**EXERCISE**:
Write down exactly the line where "board=custom" occurs and every line that follows it through the end of the material below; include nothing else.

• • • •

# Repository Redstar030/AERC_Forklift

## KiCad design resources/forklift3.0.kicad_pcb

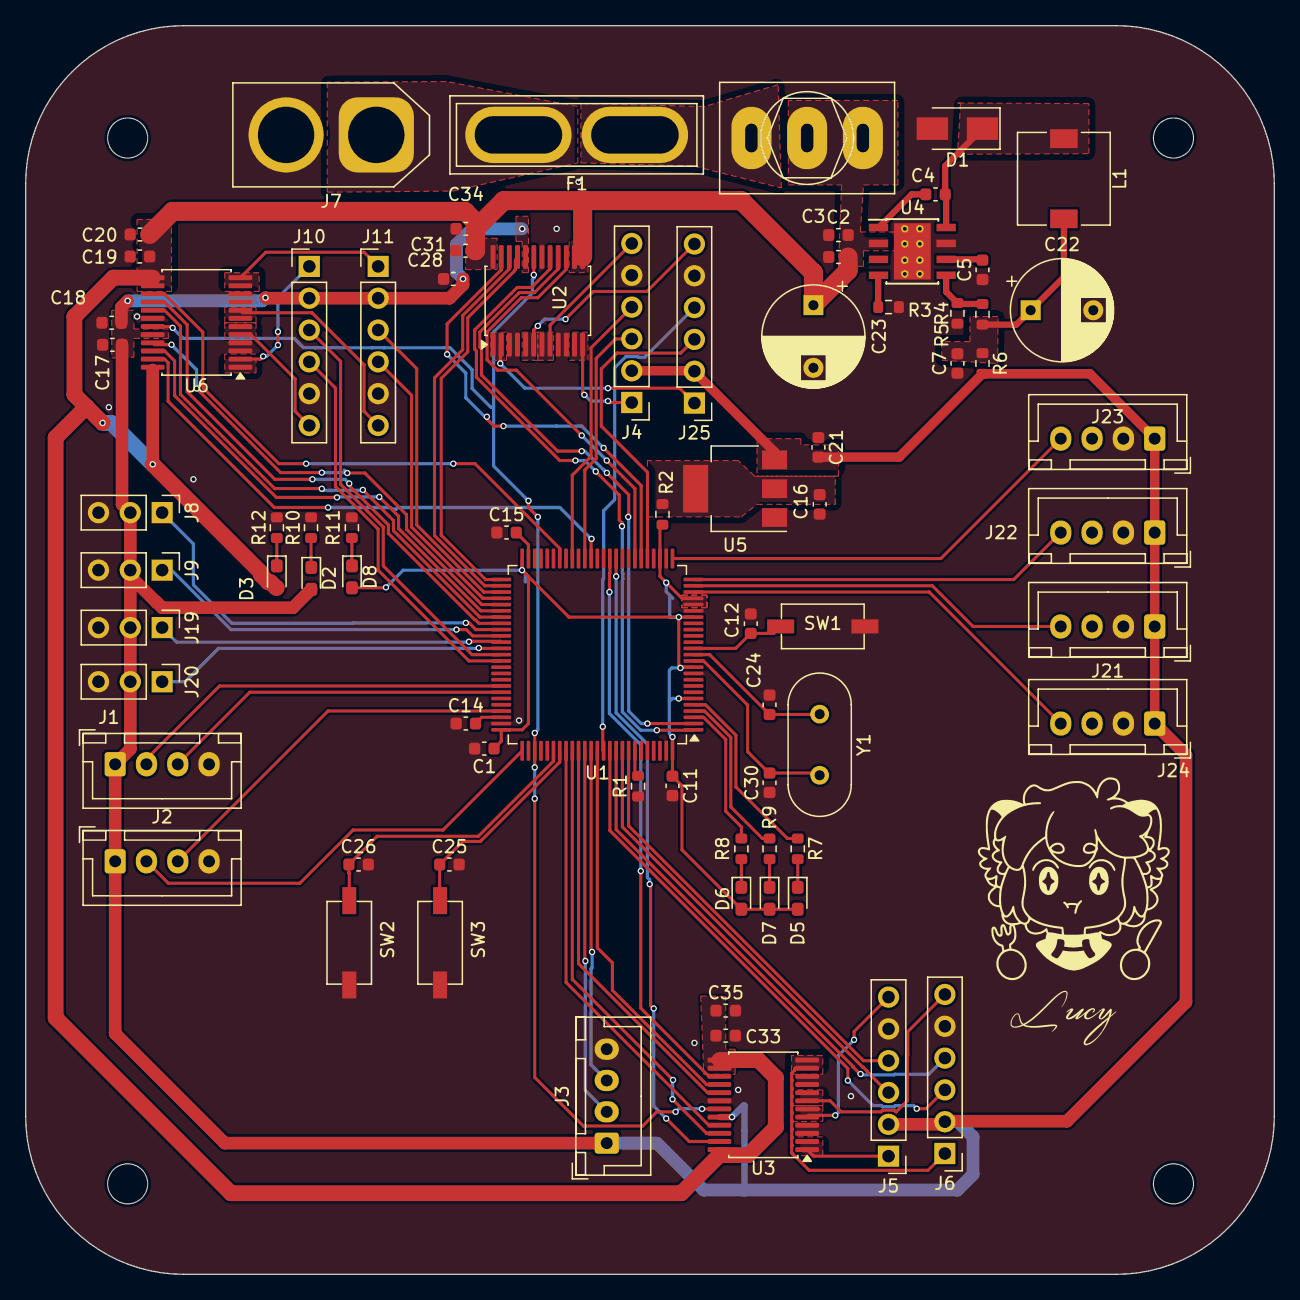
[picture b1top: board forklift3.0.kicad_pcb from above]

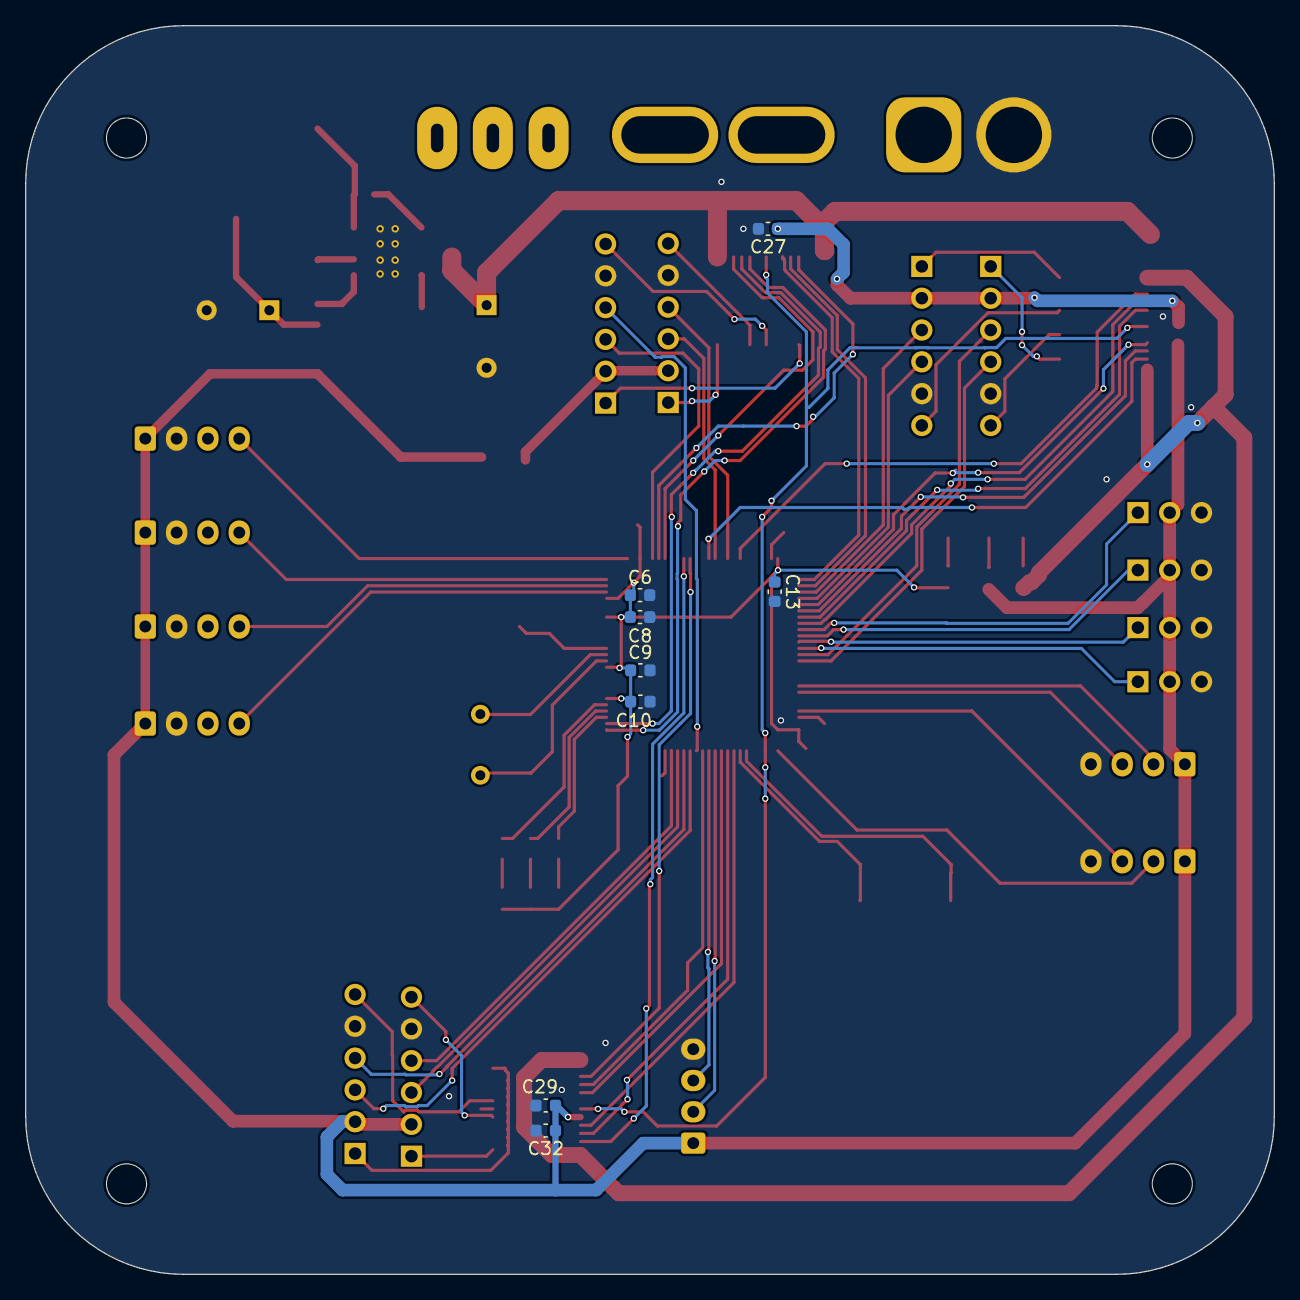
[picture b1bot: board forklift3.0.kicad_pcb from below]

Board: 2 copper layers, 99.7 x 99.7 mm, 89 parts (8 on the bottom side), 87 nets.

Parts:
C1, C4, C6, C8, C9, C10, C11, C12, C13, C25, C26: 100nF; C_0603_1608Metric
C2, C3, C14, C15: 2.2uF; C_0603_1608Metric
C5, C7: 39pF; C_0603_1608Metric
C16, C18, C20, C21, C28, C32, C34, C35: 10uF; C_0603_1608Metric
C17, C19, C27, C29, C31, C33: 0.1uF; C_0603_1608Metric
C22: 1MF; CP_Radial_D8.0mm_P12.00mm
C23: 50 100uF; CP_Radial_D8.0mm_P12.00mm
C24, C30: 20pF; C_0603_1608Metric
D1: SS54; D_SMA
D2: 5V; LED_0603_1608Metric_Pad1.05x0.95mm_HandSolder
D3: 12V; LED_0603_1608Metric_Pad1.05x0.95mm_HandSolder
D5: LED1; LED_0603_1608Metric_Pad1.05x0.95mm_HandSolder
D6: LED3; LED_0603_1608Metric_Pad1.05x0.95mm_HandSolder
D7: LED4; LED_0603_1608Metric_Pad1.05x0.95mm_HandSolder
D8: 3.3V; LED_0603_1608Metric_Pad1.05x0.95mm_HandSolder
F1: Fuse_Small; Fuse_Blade_ATO_directSolder
H1, H2, H3, H4: MountingHole; MountingHole_3.2mm_M3
J1, J2, J3, J21, J22, J23, J24: Conn_01x04; JST_XH_B4B-XH-A_1x04_P2.50mm_Vertical
J4, J5, J6, J10, J11, J25: Conn_01x06; PinHeader_1x06_P2.54mm_Vertical
J7: Conn_01x02; AMASS_XT60-M_1x02_P7.20mm_Vertical
J8, J9, J19, J20: Conn_01x03; PinHeader_1x03_P2.54mm_Vertical
L1: 22uH; L_7.3x7.3_H3.5
R1: 10K; R_0603_1608Metric
R2, R6: 0R; R_0603_1608Metric
R3: 162K; R_0603_1608Metric
R4: 53.6K; R_0603_1608Metric
R5: 10.2K; R_0603_1608Metric
R7, R8, R9, R10: 1.5K; R_0603_1608Metric
R11: 1K; R_0603_1608Metric
R12: 2K; R_0603_1608Metric
SW1: RST; SW_Push
SW2: But1; SW_Push
SW3: But2; SW_Push
SW4: SW_SPDT; SW_Toggle_Blue_wSlots
U1: STM32F407VETx; LQFP-100_14x14mm_P0.5mm
U2, U3, U6: TB6612FNG; SSOP-24_5.3x8.2mm_P0.65mm
U4: TPS54360DDA; TI_SO-PowerPAD-8_ThermalVias
U5: LM1117-3.3V; SOT-223
Y1: 8MHz; Crystal_HC49-4H_Vertical

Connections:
+3.3V: C1.1, C6.1, C8.1, C9.1, C10.1, C11.1, C13.1, D5.2 (A), D6.2 (A), D7.2 (A), D8.2 (A), R2.2, U1.6 (VBAT), U1.11 (VDD), U1.19 (VDD), U1.21 (VREF+), U1.22 (VDDA), U1.28 (VDD), U1.50 (VDD), U1.75 (VDD), U1.100 (VDD)
+5V: C17.1, C18.1, C21.2, C27.1, C28.1, C29.1, C32.1, D2.2 (A), J1.1, J2.1, J3.1, J4.2, J5.2, J6.2, J8.2, J9.2, J10.2, J11.2, J19.2, J20.2, J21.1, J22.1, J23.1, J24.1, J25.2, R6.2, U2.20 (VCC), U3.20 (VCC), U5.3 (VI), U6.20 (VCC)
+12V: C2.2, C3.2, C19.1, C20.1, C23.1, C31.1, C33.1, C34.1, C35.1, D3.2 (A), SW4.2 (B), SW4.3 (C), U2.13 (VM2), U2.14 (VM3), U2.24 (VM1), U3.13 (VM2), U3.14 (VM3), U3.24 (VM1), U4.2 (VIN), U6.13 (VM2), U6.14 (VM3), U6.24 (VM1)
/But1: C26.1, SW2.1, U1.81 (PD0)
/But2: C25.1, SW3.1, U1.82 (PD1)
/FB: R4.2, R5.1, U4.5 (FB)
/LED1: R7.1, U1.5 (PE6)
/LED3: R8.1, U1.3 (PE4)
/LED4: R9.1, U1.4 (PE5)
/M1_01: J25.1, U2.1 (AO1), U2.2 (AO1)
/M1_02: J25.6, U2.5 (AO2), U2.6 (AO2)
/M2_01: J4.1, U2.11 (BO1), U2.12 (BO1)
/M2_02: J4.6, U2.7 (BO2), U2.8 (BO2)
/M3_01: J5.1, U3.1 (AO1), U3.2 (AO1)
/M3_02: J5.6, U3.5 (AO2), U3.6 (AO2)
/M4_01: J6.1, U3.11 (BO1), U3.12 (BO1)
/M4_02: J6.6, U3.7 (BO2), U3.8 (BO2)
/M5_01: J10.1, U6.1 (AO1), U6.2 (AO1)
/M5_02: J10.6, U6.5 (AO2), U6.6 (AO2)
/M6_01: J11.1, U6.11 (BO1), U6.12 (BO1)
/M6_02: J11.6, U6.7 (BO2), U6.8 (BO2)
/PA0: J24.4, U1.23 (PA0)
/PA1: J21.4, U1.24 (PA1)
/PA2: J22.4, U1.25 (PA2)
/PA3: J23.4, U1.26 (PA3)
/PA5: J25.3, U1.30 (PA5)
/PB3: J25.4, U1.89 (PB3)
/PB4: J6.3, U1.90 (PB4)
/PB5: J6.4, U1.91 (PB5)
/PB6: J5.3, U1.92 (PB6)
/PB7: J5.4, U1.93 (PB7)
/PB12: U1.51 (PB12), U2.21 (AIN1)
/PB13: U1.52 (PB13), U2.22 (AIN2)
/PB14: J11.3, U1.53 (PB14)
/PB15: J11.4, U1.54 (PB15)
/PC6: J10.3, U1.63 (PC6)
/PC7: J10.4, U1.64 (PC7)
/PD2: U1.83 (PD2), U3.21 (AIN1)
/PD3: U1.84 (PD3), U3.22 (AIN2)
/PD4: U1.85 (PD4), U3.17 (BIN1)
/PD7: U1.88 (PD7), U3.16 (BIN2)
/PD8: U1.55 (PD8), U6.21 (AIN1)
/PD9: U1.56 (PD9), U6.22 (AIN2)
/PD10: U1.57 (PD10), U6.17 (BIN1)
/PD11: U1.58 (PD11), U6.16 (BIN2)
/PE2: U1.1 (PE2), U2.17 (BIN1)
/PE3: U1.2 (PE3), U2.16 (BIN2)
/PE9: J4.3, U1.40 (PE9)
/PE11: J4.4, U1.42 (PE11)
/PWM1: U1.31 (PA6), U2.23 (PWMA)
/PWM2: U1.32 (PA7), U2.15 (PWMB)
/PWM3: U1.35 (PB0), U3.23 (PWMA)
/PWM4: U1.36 (PB1), U3.15 (PWMB)
/PWM5: U1.39 (PE8), U6.23 (PWMA)
/PWM6: U1.44 (PE13), U6.15 (PWMB)
/PWMA: J8.1, U1.59 (PD12)
/PWMB: J9.1, U1.60 (PD13)
/PWMC: J19.1, U1.61 (PD14)
/PWMD: J20.1, U1.62 (PD15)
/STBY1: U1.78 (PC10), U2.19 (STBY), U3.19 (STBY), U6.19 (STBY)
/SWCLK: J2.2, U1.76 (PA14)
/SWDIO: J2.3, U1.72 (PA13)
/UART1_RX: J1.3, U1.69 (PA10)
/UART1_TX: J1.2, U1.68 (PA9)
/UART2_RX: J3.3, U1.87 (PD6)
/UART2_TX: J3.2, U1.86 (PD5)
GND: C1.2, C2.1, C3.1, C5.1, C6.2, C7.1, C8.2, C9.2, C10.2, C11.2, C12.1, C13.2, C14.1, C15.1, C16.1, C17.2, C18.2, C19.2, C20.2, C21.1, C22.2, C23.2, C24.1, C25.2, C26.2, C27.2, C28.2, C29.2, C30.1, C31.2, C32.2, C33.2, C34.2, C35.2, D1.2 (A), J1.4, J2.4, J3.4, J4.5, J5.5, J6.5, J7.2, J8.3, J9.3, J10.5, J11.5, J19.3, J20.3, J21.2, J22.2, J23.2, J24.2, J25.5, R1.1, R3.2, R5.2, R10.2, R11.2, R12.2, SW1.2, SW2.2, SW3.2, U1.10 (VSS), U1.20 (VSSA), U1.27 (VSS), U1.74 (VSS), U1.99 (VSS), U2.3 (PGND1), U2.4 (PGND1), U2.9 (PGND2), U2.10 (PGND2), U2.18 (GND), U3.3 (PGND1), U3.4 (PGND1), U3.9 (PGND2), U3.10 (PGND2), U3.18 (GND), U4.7 (GND), U4.9 (GNDPAD), U5.1 (GND), U6.3 (PGND1), U6.4 (PGND1), U6.9 (PGND2), U6.10 (PGND2), U6.18 (GND)
unnamed: C7.2, C22.1, L1.2, R4.1, R6.1
unnamed: C4.1, D1.1 (K), L1.1, U4.8 (SW)
unnamed: D2.1 (K), R10.1
unnamed: D3.1 (K), R12.1
unnamed: D5.1 (K), R7.2
unnamed: D6.1 (K), R8.2
unnamed: D7.1 (K), R9.2
unnamed: D8.1 (K), R11.1
unnamed: F1.2, J7.1
unnamed: F1.1, SW4.1 (A)
unnamed: R1.2, U1.94 (BOOT0)
unnamed: C12.2, SW1.1, U1.14 (NRST)
unnamed: C30.2, U1.12 (PH0), Y1.2
unnamed: C24.2, U1.13 (PH1), Y1.1
unnamed: C15.2, U1.49 (VCAP_1)
unnamed: C14.2, U1.73 (VCAP_2)
unnamed: C4.2, U4.1 (BOOT)
unnamed: C5.2, U4.6 (COMP)
unnamed: R3.1, U4.4 (RT/CLK)
unnamed: C16.2, R2.1, U5.2 (VO), U5.4 (Tab)

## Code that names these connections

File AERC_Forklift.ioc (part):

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Mcu.Name=STM32F407V(E-G)Tx
Mcu.Package=LQFP100
Mcu.UserName=STM32F407VETx
PA0-WKUP.GPIOParameters=GPIO_PuPd
PA0-WKUP.GPIO_PuPd=GPIO_PULLUP
PA0-WKUP.Signal=S_TIM5_CH1
PA1.GPIOParameters=GPIO_PuPd
PA1.GPIO_PuPd=GPIO_PULLUP
PA1.Signal=S_TIM5_CH2
PA10.Mode=Asynchronous
PA10.Signal=USART1_RX
PA13.Mode=Serial_Wire
PA13.Signal=SYS_JTMS-SWDIO
PA14.Mode=Serial_Wire
PA14.Signal=SYS_JTCK-SWCLK
PA5.GPIOParameters=GPIO_PuPd,GPIO_Label
PA5.GPIO_Label=ENC1A
PA5.GPIO_PuPd=GPIO_PULLUP
PA5.Signal=S_TIM2_CH1_ETR
PA6.GPIOParameters=GPIO_Label
PA6.GPIO_Label=M1_PWMA
PA6.Signal=S_TIM3_CH1
PA7.GPIOParameters=GPIO_Label
PA7.GPIO_Label=M1_PWMB
PA7.Signal=S_TIM3_CH2
PA9.Mode=Asynchronous
PA9.Signal=USART1_TX
PB0.GPIOParameters=GPIO_Label
PB0.GPIO_Label=M3_PWMA
PB0.Signal=S_TIM3_CH3
PB1.GPIOParameters=GPIO_Label
PB1.GPIO_Label=M3_PWMB
PB1.Signal=S_TIM3_CH4
PB12.GPIOParameters=GPIO_Label
PB12.GPIO_Label=M2_AIN1
PB12.Signal=GPIO_Output
PB13.GPIOParameters=GPIO_Label
PB13.GPIO_Label=M2_AIN2
PB13.Signal=GPIO_Output
PB14.GPIOParameters=GPIO_PuPd,GPIO_Label
PB14.GPIO_Label=ENC4A
PB14.GPIO_PuPd=GPIO_PULLUP
PB14.Signal=S_TIM12_CH1
PB15.GPIOParameters=GPIO_PuPd,GPIO_Label
PB15.GPIO_Label=ENC4B
PB15.GPIO_PuPd=GPIO_PULLUP
PB15.Signal=S_TIM12_CH2
PB3.GPIOParameters=GPIO_PuPd,GPIO_Label
PB3.GPIO_Label=ENC1B
PB3.GPIO_PuPd=GPIO_PULLUP
PB3.Signal=S_TIM2_CH2
PC10.GPIOParameters=PinState,GPIO_Label
PC10.GPIO_Label=STBY_ALL
PC10.PinState=GPIO_PIN_SET
PC10.Signal=GPIO_Output
PC6.GPIOParameters=GPIO_PuPd,GPIO_Label
PC6.GPIO_Label=ENC3A
PC6.GPIO_PuPd=GPIO_PULLUP
PC6.Signal=S_TIM8_CH1
PC7.GPIOParameters=GPIO_PuPd,GPIO_Label
PC7.GPIO_Label=ENC3B
PC7.GPIO_PuPd=GPIO_PULLUP
PC7.Signal=S_TIM8_CH2
PD0.GPIOParameters=GPIO_Label
PD0.GPIO_Label=But2
PD0.Signal=GPIO_Input
PD1.GPIOParameters=GPIO_Label
PD1.GPIO_Label=But1
PD1.Signal=GPIO_Input
PD10.GPIOParameters=GPIO_Label
PD10.GPIO_Label=slider2A
PD10.Signal=GPIO_Output
PD11.GPIOParameters=GPIO_Label
PD11.GPIO_Label=slider2B
PD11.Signal=GPIO_Output
PD2.GPIOParameters=GPIO_Label
PD2.GPIO_Label=M3_AIN1
PD2.Signal=GPIO_Output
PD3.GPIOParameters=GPIO_Label
PD3.GPIO_Label=M3_AIN2
PD3.Signal=GPIO_Output
PD4.GPIOParameters=GPIO_Label
PD4.GPIO_Label=M3_BIN1
PD4.Signal=GPIO_Output
PD5.Mode=Asynchronous
PD5.Signal=USART2_TX
PD6.Mode=Asynchronous
PD6.Signal=USART2_RX
PD7.GPIOParameters=GPIO_Label
PD7.GPIO_Label=M3_BIN2
PD7.Signal=GPIO_Output
PD8.GPIOParameters=GPIO_Label
PD8.GPIO_Label=slider1A
PD8.Signal=GPIO_Output
PD9.GPIOParameters=GPIO_Label
PD9.GPIO_Label=slider1B
PD9.Signal=GPIO_Output
PE13.GPIOParameters=GPIO_Label
PE13.GPIO_Label=fork2
PE13.Signal=GPIO_Output
PE2.GPIOParameters=GPIO_Label
PE2.GPIO_Label=M2_BIN1
PE2.Signal=GPIO_Output
PE3.GPIOParameters=GPIO_Label
PE3.GPIO_Label=M2_BIN2
PE3.Signal=GPIO_Output
PE4.GPIOParameters=GPIO_Label
PE4.GPIO_Label=LED3
PE4.Signal=GPIO_Output
PE5.GPIOParameters=GPIO_Label
PE5.GPIO_Label=LED4
PE5.Signal=GPIO_Output
PE6.GPIOParameters=GPIO_Label
PE6.GPIO_Label=LED1
PE6.Signal=GPIO_Output
PE8.GPIOParameters=GPIO_Label
PE8.GPIO_Label=fork1 
PE8.Signal=GPIO_Output
PE9.GPIOParameters=GPIO_PuPd,GPIO_Label
PE9.GPIO_Label=ENC2A
PE9.GPIO_PuPd=GPIO_PULLUP
PE9.Signal=S_TIM1_CH1
PH0-OSC_IN.Mode=HSE-External-Oscillator
PH0-OSC_IN.Signal=RCC_OSC_IN
PH1-OSC_OUT.Mode=HSE-External-Oscillator
PH1-OSC_OUT.Signal=RCC_OSC_OUT
RCC.HSE_VALUE=25000000
RCC.SYSCLKFreq_VALUE=16000000
board=custom

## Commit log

2026-04-12 intialization
2026-04-12 motor working
2026-04-12 encoder initialize
2026-04-12 encoder testing
2026-04-13 movable with controller.
2026-04-21 movable v1
2026-05-13 ps4 ini
2026-05-13 ps4 working

• • • •

**ANSWER**:
board=custom

## Commit log

2026-04-12 intialization
2026-04-12 motor working
2026-04-12 encoder initialize
2026-04-12 encoder testing
2026-04-13 movable with controller.
2026-04-21 movable v1
2026-05-13 ps4 ini
2026-05-13 ps4 working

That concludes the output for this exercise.